All leading to his bottom line: In 1998, Avery generated sales off his farm of $320,000; in 2013 he generated nearly $2 million. Although Avery’s system has a number of components, all aimed at optimizing use of scarce water, at the core of his farming success is lucerne. Respected farm columnist Jon Morgan calls him, admiringly, a “lucerne lunatic”. About a third of Avery’s property is planted in lucerne, whose growth pattern allows him to wean lambs earlier and bring them up to saleable rates in half the time it takes most farmers … by early December, avoiding the driest weather. “The plant shows you don’t have to drain a river to run a profitable farm,” he says. Avery farms in one of New Zealand’s consistently driest areas, averaging 573mm with very high evapotranspiration due to exposure to winds. But he showed photos

of his property and his neighbor’s, taken at the driest time. Avery’s land was green; his neighbor’s was parched. He made the same point with similar comparative photos taken in Hawke’s Bay. Simply put, his methods capture and hold more water in the soil … otherwise known as ‘water storage’. Avery is a sterling example of the ‘Top 20%’ farmer the farm trade press is constantly talking about, as in … ‘what’s the matter with the rest of these guys?!’ One does wonder: what’s the difference between Doug Avery and his struggling neighbor, who sits right across the fence watching Doug’s success, but stands pat? To achieve its claimed benefits, all irrigators using water from the proposed Ruataniwha Dam must, according to its advocates, be ‘Top 20%’ farmers, whatever animal or crop they are growing. Avery’s experience demonstrates how unrealistic that assumption is in the real world … naive, at the very least, about how long it takes change to occur in farming practices. Thereby illustrating one of the key obstacles to achieving the benefits claimed for the dam scheme. At the same time, Avery’s track record points to a proven alternative strategy, especially with respect to sheep and beef farmers, who account for the preponderance of farming in Hawke’s Bay … if change can be promoted and accelerated.
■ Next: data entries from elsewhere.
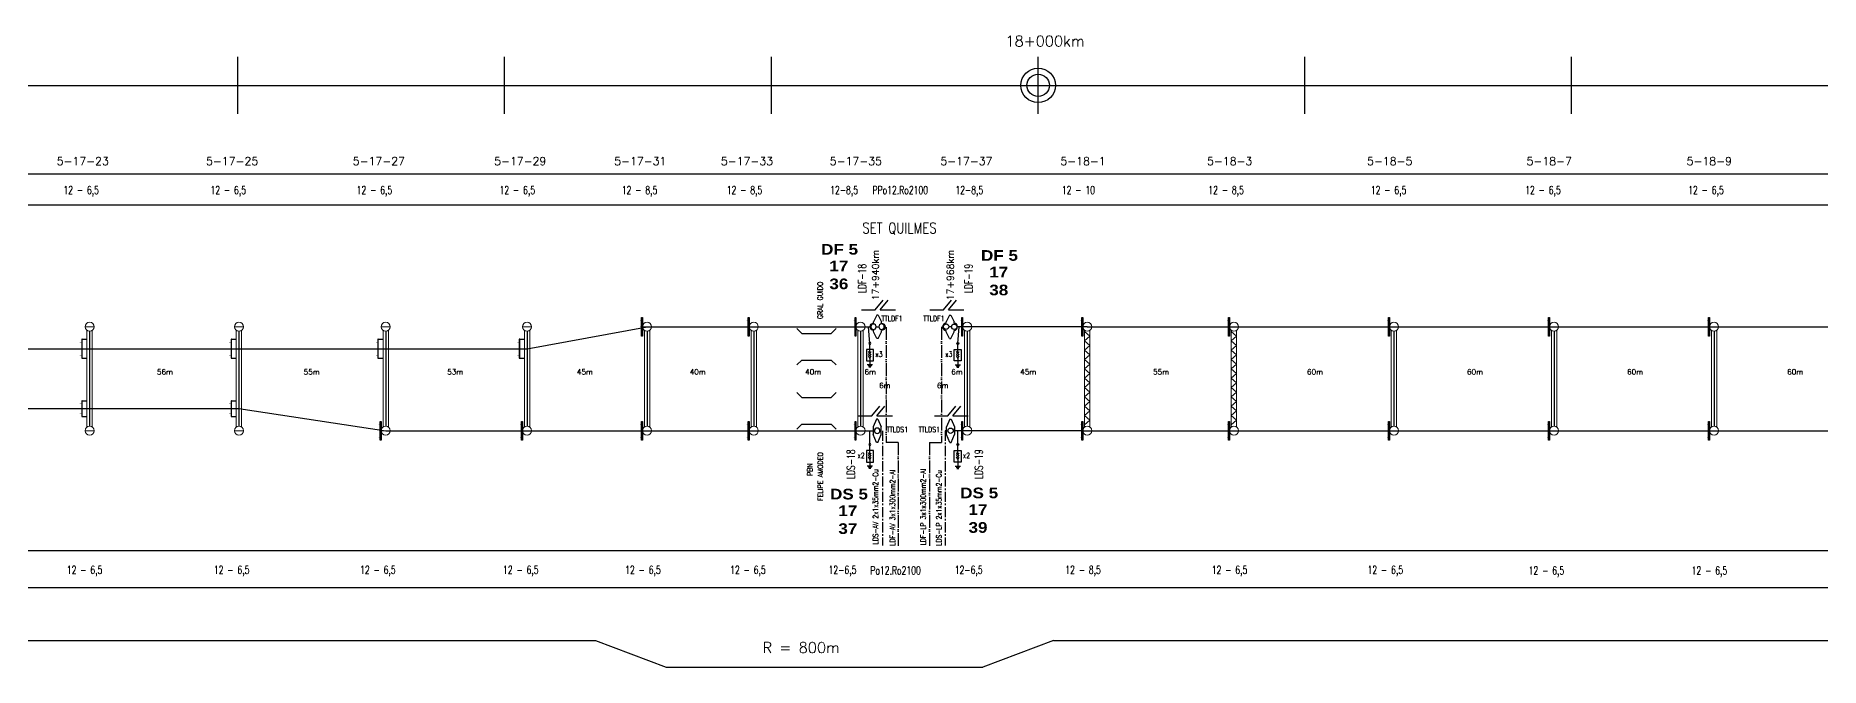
# Model space of a CAD drawing. Header units: millimetres. Extents: x 56 to 21898, y 218 to 1565.
# Drawn here: x 13692 to 14361, y 219 to 456 of the extents above; entities that cross this region are included whole.
import ezdxf
from ezdxf.enums import TextEntityAlignment as Align

# ---------------------------------------------------------------- set-up
doc = ezdxf.new("R2010")
doc.units = ezdxf.units.MM
doc.linetypes.add('ACAD_ISO05W100', pattern=[33, 24, -3, 0, -3, 0, -3])
doc.linetypes.add('CENTER2', pattern=[28.575, 19.05, -3.175, 3.175, -3.175])
for name, color, linetype in [('Cable subt 1x300', 5, 'Continuous'), ('cable subt MT 2x1x35mm2', 1, 'Continuous'), ('Cruceta Fe', 42, 'Continuous'), ('Descargadores', 30, 'Continuous'), ('ESQUEMA', 7, 'Continuous'), ('LDF', 5, 'Continuous'), ('LDS', 1, 'Continuous'), ('longitud vano', 7, 'Continuous'), ('Nº de poste', 6, 'Continuous'), ('POSTES', 8, 'Continuous'), ('progresivas', 4, 'Continuous'), ('Pórticos', 9, 'Continuous'), ('Seccionamiento', 20, 'Continuous'), ('TEXTOS', 3, 'Continuous')]:
    doc.layers.add(name, color=color, linetype=linetype)
doc.styles.add('ROMANS', font='romans.shx', dxfattribs={"width": 0.7})
doc.styles.add('STYLE1', font='romans.shx')
doc.styles.add('TEXTO_SELLO', font='')
doc.styles.get('TEXTO_SELLO').set_extended_font_data('Arial Black', bold=True)

# ---------------------------------------------------------------- blocks, each defined once
blk = doc.blocks.new('Poste Hormigón')
at = {"layer": 'POSTES', "lineweight": 18}
blk.add_line((1.7, 0), (-1.7, 0), dxfattribs=at)
blk.add_circle((0, 0), 1.7, dxfattribs=at)
blk = doc.blocks.new('Viga V')
at = {"layer": 'Pórticos', "lineweight": 20}
for p, q in [((-1, -1.37), (-1, -37.58)), ((-1, -1.73), (-1, -37.58)), ((1, -1.37), (1, -37.58)), ((1, -1.37), (1, -37.58))]:
    blk.add_line(p, q, dxfattribs=at)
at = {"layer": 'Pórticos'}
blk.add_line((0, -1.7), (0, -37.25), dxfattribs=at)
blk = doc.blocks.new('Sobreportico LDF')
at = {"layer": 'Cruceta Fe'}
for p, q in [((-1.77, 0), (0, 0)), ((-1.77, -7.03), (0, -7.03))]:
    blk.add_line(p, q, dxfattribs=at)
at = {"layer": 'Cruceta Fe', "const_width": 0.1}
for points in [[(-2.68, -1.06), (-1.77, -1.06)], [(-2.68, -3.52), (-1.77, -3.52)], [(-2.68, -5.97), (-1.77, -5.97)]]:
    blk.add_lwpolyline(points, dxfattribs=at)
at = {"layer": 'Cruceta Fe'}
blk.add_lwpolyline([(-1.77, 0), (-1.9, 0), (-1.9, -7.03), (-1.77, -7.03)], close=True, dxfattribs=at)
blk = doc.blocks.new('Sobreportico LDS')
at = {"layer": 'Cruceta Fe'}
for p, q in [((-1.77, 0), (0, 0)), ((-1.77, -5.82), (0, -5.82))]:
    blk.add_line(p, q, dxfattribs=at)
at = {"layer": 'Cruceta Fe', "const_width": 0.1}
for points in [[(-2.68, -1.06), (-1.77, -1.06)], [(-2.68, -4.76), (-1.77, -4.76)]]:
    blk.add_lwpolyline(points, dxfattribs=at)
at = {"layer": 'Cruceta Fe'}
blk.add_lwpolyline([(-1.77, 0), (-1.9, 0), (-1.9, -5.82), (-1.77, -5.82)], close=True, dxfattribs=at)
blk = doc.blocks.new('Cruceta Fe 1')
at = {"layer": 'Cruceta Fe', "const_width": 0.1}
for points in [[(-0.92, 2.45), (0, 2.45)], [(-0.92, -2.45), (0, -2.45)]]:
    blk.add_lwpolyline(points, dxfattribs=at)
at = {"layer": 'Cruceta Fe'}
blk.add_lwpolyline([(-0.35, 3.52), (0, 3.52), (0, -3.52), (-0.35, -3.52)], close=True, dxfattribs=at)
blk = doc.blocks.new('Cruceta Fe')
at = {"layer": 'Cruceta Fe', "const_width": 0.1}
for points in [[(-0.92, 2.45), (0, 2.45)], [(-0.92, 0), (0, 0)], [(-0.92, -2.45), (0, -2.45)]]:
    blk.add_lwpolyline(points, dxfattribs=at)
at = {"layer": 'Cruceta Fe'}
blk.add_lwpolyline([(-0.35, 3.52), (0, 3.52), (0, -3.52), (-0.35, -3.52)], close=True, dxfattribs=at)
blk = doc.blocks.new('Viga canasto')
at = {"layer": 'Pórticos', "lineweight": 20}
for p, q in [((-1, -1.37), (-1, -37.58)), ((-1, -1.73), (-1, -37.58)), ((-1, -1.73), (1, -3.48)), ((-1, -5.23), (1, -3.48)), ((-1, -5.23), (1, -6.99)), ((1, -1.37), (1, -37.58)), ((1, -1.37), (1, -37.58)), ((-1, -8.74), (1, -6.99)), ((-1, -8.74), (1, -10.49)), ((-1, -12.24), (1, -10.49)), ((-1, -12.24), (1, -13.99)), ((-1, -15.74), (1, -13.99)), ((-1, -15.74), (1, -17.49)), ((-1, -19.25), (1, -17.49)), ((-1, -19.25), (1, -21)), ((-1, -22.75), (1, -21)), ((-1, -22.75), (1, -24.5)), ((-1, -26.25), (1, -24.5)), ((-1, -26.25), (1, -28)), ((-1, -29.75), (1, -28)), ((-1, -29.75), (1, -31.51)), ((-1, -33.26), (1, -31.51)), ((-1, -33.26), (1, -35.01)), ((-1, -36.76), (1, -35.01))]:
    blk.add_line(p, q, dxfattribs=at)
blk = doc.blocks.new('Retención LDF')
at = {"layer": 'POSTES'}
for p, q in [((-0.17, 0.28), (-0.15, 0.36)), ((0.15, 0.7), (-0.15, 0.36)), ((0.08, -0.02), (-0.08, 0.02)), ((0.15, 0.7), (0.23, 0.68)), ((0.23, 0.68), (0.32, 0.23)), ((0.29, 0.15), (0.32, 0.23)), ((-0.32, -0.23), (-0.29, -0.15)), ((-0.23, -0.68), (-0.32, -0.23)), ((-0.23, -0.68), (-0.15, -0.7)), ((-0.15, -0.7), (0.15, -0.36)), ((0.15, -0.36), (0.17, -0.28))]:
    blk.add_line(p, q, dxfattribs=at)
for centre in [(-0.24, 0.07), (0.24, -0.07)]:
    blk.add_circle(centre, 0.168, dxfattribs=at)
for centre, start, end in [((-0.23, 0.06), 74.5054, 254.5054), ((0.23, -0.06), 254.5054, 74.5054)]:
    blk.add_arc(centre, 0.223, start, end, dxfattribs=at)
blk = doc.blocks.new('Retención LDS')
at = {"layer": 'POSTES'}
for p, q in [((-0.24, 4.36), (-1.47, 1.47)), ((-1.47, -1.47), (-1.47, 1.47)), ((-0.24, 4.36), (0.25, 4.36)), ((0.25, 4.36), (1.48, 1.47)), ((1.48, 1.47), (1.48, -1.47)), ((-0.24, -4.38), (-1.47, -1.47)), ((-0.24, -4.38), (0.25, -4.38)), ((0.25, -4.38), (1.48, -1.47))]:
    blk.add_line(p, q, dxfattribs=at)
blk.add_circle((0, 0), 1.02, dxfattribs=at)
blk = doc.blocks.new('Descargador')
at = {"color": 30}
for p, q in [((0, -3.83), (0, 0)), ((0, -3.98), (-0.53, -3.07)), ((0, -4.81), (-0.53, -3.9)), ((0, -5.63), (-0.53, -4.72)), ((0, -3.98), (0.53, -3.07)), ((0, -4.81), (0.53, -3.9)), ((0, -5.63), (0.53, -4.72))]:
    blk.add_line(p, q, dxfattribs=at)
at = {"layer": 'Descargadores', "color": 30}
for p, q in [((0, -5.63), (0, -8.06)), ((-0.99, -8.06), (0.99, -8.06)), ((-0.67, -8.48), (0.67, -8.48)), ((-0.35, -8.92), (0.35, -8.92))]:
    blk.add_line(p, q, dxfattribs=at)
blk.add_lwpolyline([(-1.31, -2.27), (1.31, -2.27), (1.31, -6.57), (-1.31, -6.57)], close=True, dxfattribs=at)
blk.add_circle((0, 0), 0.381, dxfattribs=at)
blk = doc.blocks.new('Seccionador')
at = {"layer": 'Seccionamiento'}
for p, q in [((-5.05, 0), (0, 0)), ((0, 0), (2.99, 3.7)), ((1.89, 0), (4.88, 3.7)), ((1.89, 0), (7.65, 0))]:
    blk.add_line(p, q, dxfattribs=at)

msp = doc.modelspace()

# ---------------------------------------------------------------- linework, layer by layer
for p, q in [((13768.1506, 426.3383), (13768.1506, 447.6025)), ((13868.1506, 426.3383), (13868.1506, 447.6025)), ((13968.1506, 426.3383), (13968.1506, 447.6025)), ((14068.1506, 426.3383), (14068.1506, 447.6025)), ((14168.1506, 426.3383), (14168.1506, 447.6025)), ((14268.1506, 426.3383), (14268.1506, 447.6025)), ((68.1506, 436.9704), (21897.5602, 436.9704)), ((68.1506, 403.8502), (21897.5602, 403.8502)), ((68.1506, 392.2176), (21897.5602, 392.2176)), ((13979.5806, 344.0418), (13977.7373, 345.8851)), ((13979.5806, 344.0418), (13990.5806, 344.0418)), ((13990.5806, 344.0418), (13992.4239, 345.8851)), ((13979.5806, 334.0418), (13977.7373, 332.1985)), ((13979.5806, 334.0418), (13990.5806, 334.0418)), ((13990.5806, 334.0418), (13992.4239, 332.1985)), ((13979.5806, 320.0418), (13977.7373, 321.8851)), ((13990.5806, 320.0418), (13992.4239, 321.8851)), ((13979.5806, 320.0418), (13990.5806, 320.0418)), ((13979.5806, 310.0418), (13977.7373, 308.1985)), ((13979.5806, 310.0418), (13990.5806, 310.0418)), ((13990.5806, 310.0418), (13992.4239, 308.1985)), ((68.1506, 262.6383), (21897.5602, 262.6383)), ((68.1506, 248.8066), (21897.5602, 248.8066)), ((12074.5685, 228.9395), (13902.1706, 228.9395)), ((13902.1706, 228.9395), (13928.7606, 218.9395)), ((14073.9506, 228.9395), (14047.3606, 218.9395)), ((14073.9506, 228.9395), (14469.1506, 228.9395)), ((13928.7606, 218.9395), (14047.3606, 218.9395))]:
    msp.add_line(p, q)
for radius in [6.4757, 4.1956]:
    msp.add_circle((14068.1506, 436.9704), radius)
at = {"layer": 'Cable subt 1x300', "linetype": 'ACAD_ISO05W100', "ltscale": 0.2}
for p, q in [((14011.1871, 346.4275), (14011.1871, 303.2139)), ((14031.9141, 346.4275), (14032.3314, 346.4489)), ((14031.9141, 346.4275), (14031.9141, 303.2139)), ((14015.6458, 303.2139), (14011.1871, 303.2139)), ((14015.6458, 303.2139), (14015.6458, 264.1337)), ((14027.4553, 303.2139), (14027.4553, 264.1337)), ((14027.4553, 303.2139), (14031.9141, 303.2139))]:
    msp.add_line(p, q, dxfattribs=at)
at = {"layer": 'cable subt MT 2x1x35mm2', "linetype": 'CENTER2', "ltscale": 0.2}
for p, q in [((14009.7571, 307.5656), (14009.7571, 264.5741)), ((14033.834, 307.5656), (14033.3441, 307.5656)), ((14033.3441, 307.5656), (14033.3441, 264.5741))]:
    msp.add_line(p, q, dxfattribs=at)
at = {"layer": 'Descargadores', "color": 30}
for p, q in [((14005.0692, 340.3048), (14004.6109, 346.5185)), ((14038.032, 340.3048), (14038.4903, 346.5185)), ((14005.0692, 302.3912), (14005.0692, 307.5656)), ((14038.032, 302.3912), (14038.032, 307.5656))]:
    msp.add_line(p, q, dxfattribs=at)
at = {"layer": 'LDF'}
for p, q in [((13876.5604, 338.2581), (13921.5506, 346.5185)), ((13921.5506, 346.5185), (14005.1083, 346.5185)), ((14086.5506, 346.5185), (14037.9929, 346.5185)), ((14086.5506, 346.5185), (14270.7548, 346.5185)), ((14270.7548, 346.5185), (16948.719, 346.5185)), ((13592.5506, 338.2581), (13876.5604, 338.2581))]:
    msp.add_line(p, q, dxfattribs=at)
at = {"layer": 'LDS'}
for p, q in [((13472.5506, 315.8721), (13768.5506, 315.8721)), ((13768.5506, 315.8721), (13823.5506, 307.565)), ((13823.5506, 307.565), (14006.3195, 307.5656)), ((14084.502, 307.565), (14036.7816, 307.5656)), ((14084.8506, 307.565), (14270.7548, 307.565)), ((14270.7548, 307.565), (16950.0768, 307.565))]:
    msp.add_line(p, q, dxfattribs=at)

# ---------------------------------------------------------------- block references
at = {"layer": 'Cruceta Fe'}
for name, p in [('Cruceta Fe', (13919.8506, 346.5185)), ('Cruceta Fe', (13959.8506, 346.5185)), ('Cruceta Fe', (13999.8506, 346.5185)), ('Cruceta Fe', (14039.8506, 346.5185)), ('Cruceta Fe', (14084.8506, 346.5185)), ('Cruceta Fe', (14139.8506, 346.5185)), ('Cruceta Fe', (14199.8506, 346.5185)), ('Cruceta Fe', (14259.8506, 346.5185)), ('Cruceta Fe', (14319.8506, 346.5185)), ('Sobreportico LDF', (13711.5506, 341.8369)), ('Sobreportico LDF', (13767.5506, 341.8369)), ('Sobreportico LDF', (13822.5506, 341.8369)), ('Sobreportico LDF', (13875.5506, 341.8369)), ('Sobreportico LDS', (13711.5506, 318.7806)), ('Sobreportico LDS', (13767.5506, 318.7806)), ('Cruceta Fe 1', (13821.8506, 307.565)), ('Cruceta Fe 1', (13874.8506, 307.565)), ('Cruceta Fe 1', (13919.8506, 307.565)), ('Cruceta Fe 1', (13959.8506, 307.565)), ('Cruceta Fe 1', (13999.8506, 307.565)), ('Cruceta Fe 1', (14039.8506, 307.565)), ('Cruceta Fe 1', (14084.8506, 307.565)), ('Cruceta Fe 1', (14139.8506, 307.565)), ('Cruceta Fe 1', (14199.8506, 307.565)), ('Cruceta Fe 1', (14259.8506, 307.565)), ('Cruceta Fe 1', (14319.8506, 307.565))]:
    msp.add_blockref(name, p, dxfattribs=at)
at = {"layer": 'Descargadores', "color": 30, "xscale": -1}
for p in [(14005.0692, 340.3048), (14005.0692, 302.3912)]:
    msp.add_blockref('Descargador', p, dxfattribs=at)
at = {"layer": 'Descargadores', "color": 30}
for p in [(14038.032, 340.3048), (14038.032, 302.3912)]:
    msp.add_blockref('Descargador', p, dxfattribs=at)
at = {"layer": 'LDS', "xscale": -1}
msp.add_blockref('Retención LDS', (14007.8006, 307.5656), dxfattribs=at)
at = {"layer": 'LDS'}
msp.add_blockref('Retención LDS', (14035.3006, 307.5656), dxfattribs=at)
at = {"layer": 'POSTES'}
for p in [(13712.5506, 346.5185), (13768.5506, 346.5185), (13823.5506, 346.5185), (13876.5506, 346.5185), (13921.5506, 346.5185), (13961.5506, 346.5185), (14001.5506, 346.5185), (14041.5506, 346.5185), (14086.5506, 346.5185), (14141.5506, 346.5185), (14201.5506, 346.5185), (14261.5506, 346.5185), (14321.5506, 346.5185)]:
    msp.add_blockref('Poste Hormigón', p, dxfattribs=at)
at = {"layer": 'POSTES', "lineweight": 35}
for p, xscale, yscale, zscale, rotation in [((14007.9399, 346.5185), -6.077500000000488, 6.077500000000327, 6.077500000000001, 344.5053751474817), ((14035.1612, 346.5185), 6.077499999999612, 6.077499999999612, 6.077499999999612, 15.49462485252056)]:
    msp.add_blockref('Retención LDF', p, dxfattribs=dict(at, xscale=xscale, yscale=yscale, zscale=zscale, rotation=rotation))
at = {"layer": 'POSTES', "xscale": -1, "rotation": 180}
for p in [(13712.5506, 307.565), (13768.5506, 307.565), (13823.5506, 307.565), (13876.5506, 307.565), (13921.5506, 307.565), (13961.5506, 307.565), (14001.5506, 307.565), (14041.5506, 307.565), (14086.5506, 307.565), (14141.5506, 307.565), (14201.5506, 307.565), (14261.5506, 307.565), (14321.5506, 307.565)]:
    msp.add_blockref('Poste Hormigón', p, dxfattribs=at)
at = {"layer": 'Pórticos'}
for name, p in [('Viga V', (13712.5506, 346.5185)), ('Viga V', (13768.5506, 346.5185)), ('Viga V', (13823.5506, 346.5185)), ('Viga V', (13876.5506, 346.5185)), ('Viga V', (13921.5506, 346.5185)), ('Viga V', (13961.5506, 346.5185)), ('Viga V', (14001.5506, 346.5185)), ('Viga V', (14041.5506, 346.5185)), ('Viga canasto', (14086.5506, 346.5185)), ('Viga canasto', (14141.5506, 346.5185)), ('Viga V', (14201.5506, 346.5185)), ('Viga V', (14261.5506, 346.5185)), ('Viga V', (14321.5506, 346.5185))]:
    msp.add_blockref(name, p, dxfattribs=at)
at = {"layer": 'Seccionamiento'}
for p in [(14007.0003, 352.8347), (14032.6514, 352.8347), (14005.8377, 313.1328), (14034.321, 313.1328)]:
    msp.add_blockref('Seccionador', p, dxfattribs=at)

# ---------------------------------------------------------------- texts
at = {"linetype": 'Continuous', "style": 'TEXTO_SELLO'}
for s, p in [('DF 5', (13986.7748, 373.5258)), ('DF 5', (14046.7279, 371.232)), ('17', (13989.8684, 367.2727)), ('17', (14049.8215, 364.979)), ('36', (13989.8835, 360.5969)), ('38', (14049.8365, 358.3031)), ('DS 5', (13990.1394, 281.8262)), ('DS 5', (14038.9376, 282.254)), ('17', (13993.233, 275.5732)), ('17', (14042.0312, 276.001)), ('37', (13993.2481, 268.8974)), ('39', (14042.0462, 269.3252))]:
    msp.add_text(s, height=4, dxfattribs=at).set_placement(p)
at = {"layer": 'ESQUEMA', "color": 7, "style": 'ROMANS', "width": 0.7}
for s, p in [('TTLDF1', (14013.3742, 349.633)), ('TTLDF1', (14029.0669, 349.633)), ('x3', (14008.4897, 336.2215)), ('x3', (14034.6562, 336.2215)), ('TTLDS1', (14015.3746, 308.004)), ('TTLDS1', (14027.3407, 308.004)), ('x2', (14001.783, 298.308)), ('x2', (14041.2627, 298.308))]:
    msp.add_text(s, height=2, dxfattribs=at).set_placement(p, align=Align.MIDDLE)
at = {"layer": 'longitud vano', "linetype": 'Continuous', "style": 'STYLE1'}
for s, p in [('56m', (13737.7928, 328.6021)), ('55m', (13792.7928, 328.6021)), ('53m', (13846.6151, 328.6021)), ('45m', (13895.2332, 328.6021)), ('40m', (13937.5356, 328.6021)), ('40m', (13980.8131, 328.6021)), ('6m', (14003.0485, 328.6021)), ('6m', (14035.5573, 328.6021)), ('45m', (14061.4389, 328.6021)), ('55m', (14111.2444, 328.6021)), ('60m', (14168.9409, 328.6021)), ('60m', (14228.9409, 328.6021)), ('60m', (14288.9409, 328.6021)), ('60m', (14348.9409, 328.6021)), ('6m', (14008.5363, 323.4961)), ('6m', (14030.2518, 323.4961))]:
    msp.add_text(s, height=2, dxfattribs=at).set_placement(p)
at = {"layer": 'Nº de poste', "linetype": 'Continuous', "style": 'STYLE1'}
for s, p in [('5-17-23', (13700.2263, 407.0813)), ('5-17-25', (13756.2263, 407.0813)), ('5-17-27', (13811.2263, 407.0813)), ('5-17-29', (13864.2263, 407.0813)), ('5-17-31', (13909.2263, 407.0813)), ('5-17-33', (13949.2263, 407.0813)), ('5-17-35', (13990.0476, 407.0813)), ('5-17-37', (14031.4779, 407.0813)), ('5-18-1', (14076.4779, 407.0813)), ('5-18-3', (14131.4779, 407.0813)), ('5-18-5', (14191.4779, 407.0813)), ('5-18-7', (14251.259, 407.0813)), ('5-18-9', (14311.259, 407.0813))]:
    msp.add_text(s, height=3, dxfattribs=at).set_placement(p)
at = {"layer": 'progresivas', "linetype": 'Continuous', "style": 'STYLE1'}
msp.add_text('18+000km', height=4, dxfattribs=at).set_placement((14055.8989, 451.5643))
for s, p in [('17+940km', (14008.4388, 356.4236)), ('17+968km', (14036.5111, 356.4236))]:
    msp.add_text(s, height=2.55, rotation=90, dxfattribs=at).set_placement(p)
at = {"layer": 'TEXTOS', "linetype": 'Continuous', "style": 'STYLE1'}
for s, height, width, p in [('12 - 6,5', 3, 0.7, (13702.7282, 396.2406)), ('12 - 6,5', 3, 0.7, (13757.8712, 396.2406)), ('12 - 6,5', 3, 0.7, (13812.6663, 396.2406)), ('12 - 6,5', 3, 0.7, (13866.2471, 396.2406)), ('12 - 8,5', 3, 0.7, (13912.055, 396.2406)), ('12 - 8,5', 3, 0.7, (13951.4022, 396.2406)), ('12-8,5', 3, 0.7, (13990.1832, 396.2406)), ('PPo12.Ro2100', 3, 0.7, (14006.0799, 396.2371)), ('12-8,5', 3, 0.7, (14037.1221, 396.2406)), ('12 - 10', 3, 0.7, (14077.0451, 396.2406)), ('12 - 8,5', 3, 0.7, (14131.9581, 396.2406)), ('12 - 6,5', 3, 0.7, (14192.8731, 396.2406)), ('12 - 6,5', 3, 0.7, (14250.7526, 396.2406)), ('12 - 6,5', 3, 0.7, (14311.8604, 396.2406)), ('SET QUILMES', 4, 0.8, (14002.2604, 381.5177)), ('12 - 6,5', 3, 0.7, (13704.0124, 253.959)), ('12 - 6,5', 3, 0.7, (13759.1554, 253.959)), ('12 - 6,5', 3, 0.7, (13813.9506, 253.959)), ('12 - 6,5', 3, 0.7, (13867.5313, 253.959)), ('12 - 6,5', 3, 0.7, (13913.3393, 253.959)), ('12 - 6,5', 3, 0.7, (13952.6864, 253.959)), ('12-6,5', 3, 0.7, (13989.5876, 253.959)), ('Po12.Ro2100', 3, 0.7, (14005.2515, 253.7462)), ('12-6,5', 3, 0.7, (14036.8904, 253.959)), ('12 - 8,5', 3, 0.7, (14078.3293, 253.959)), ('12 - 6,5', 3, 0.7, (14133.2423, 253.959)), ('12 - 6,5', 3, 0.7, (14191.6543, 253.959)), ('12 - 6,5', 3, 0.7, (14252.0368, 253.6787)), ('12 - 6,5', 3, 0.7, (14313.1447, 253.6787))]:
    msp.add_text(s, height=height, dxfattribs=dict(at, width=width)).set_placement(p)
at = {"layer": 'TEXTOS', "color": 6, "linetype": 'Continuous', "style": 'STYLE1', "width": 0.7}
for s, p in [('LDF-18', (14003.6461, 359.0931)), ('LDF-19', (14043.5813, 359.0931)), ('LDS-18', (13999.4737, 289.4026)), ('LDS-19', (14047.383, 289.4026))]:
    msp.add_text(s, height=3, rotation=90, dxfattribs=at).set_placement(p)
at = {"layer": 'TEXTOS', "linetype": 'Continuous', "style": 'STYLE1'}
for s, width, p in [('GRAL GUIDO', 0.9, (13987.3966, 349.4012)), ('PBN', 0.9, (13983.556, 290.5828)), ('FELIPE AMODEO', 0.9, (13987.451, 281.2545)), ('LDS-AV 2x1x35mm2-Cu', 0.7, (14008.1443, 264.9263)), ('LDF-LP 3x1x300mm2-Al', 0.7, (14025.9998, 264.6308)), ('LDF-AV 3x1x300mm2-Al', 0.7, (14014.5058, 264.4655)), ('LDS-LP 2x1x35mm2-Cu', 0.7, (14031.9238, 264.4655))]:
    msp.add_text(s, height=1.944, rotation=90, dxfattribs=dict(at, width=width)).set_placement(p)
msp.add_text('R = 800m', height=4, dxfattribs=at).set_placement((13964.8268, 224.317))

doc.saveas('drawing.dxf')

In his article in this BayBuzz, farm economist Barrie Ridler cites evidence presented to the Tukituki Board of Inquiry by Beef & Lamb NZ: “The [HBRIC] plan assumes that irrigation is essential to increased production from dryland sheep and beef farming. This is not altogether correct as the recent development of lucerne grazing and other novel forages and feed sources has demonstrated. Recent work in this area has shown that equivalent levels of production can be achieved on dryland lucerne as are achieved from irrigated pasture.”

L and wanted

Why isn’t our Regional Council climbing all over ‘smart farming’ and drawing upon the experiences of Avery, Ridler, Tichinin, Masters and others here in the region? These experts are handson, dirt under the fingernails, not policy wonk planners. They can point to success stories right here in Hawke’s Bay. They represent the kind of expertise in which HBRC should invest if it really wants to build resilience into Hawke’s Bay farming. Why doesn’t HBRC create and lead a programme to help farmers excel at dryland farming? (Today’s answer: it lacks the will and the in-house expertise.) Better still, why not create a ‘Farming Resilience Centre’ – an education and training institution, a physical hub for our local experts, perhaps at EIT, to help any farmer in the region understand and adopt ‘best practices’ whatever their type of farming? Why not create financial incentives for farmers to embrace ‘best practices’ and reap the rich economic return for our region? After all, we subsidise clean heat and insulation for ‘public good’ reasons. The bottom line is that there might just be better ways to accomplish water storage, improve farm productivity and incomes, and grow premium food attractive for discerning global markets than building a $300 million dam, which requires another $300 million from farmers to use. It’s called ‘smart farming’ … and we should make it our mission and signature here in Hawke’s Bay.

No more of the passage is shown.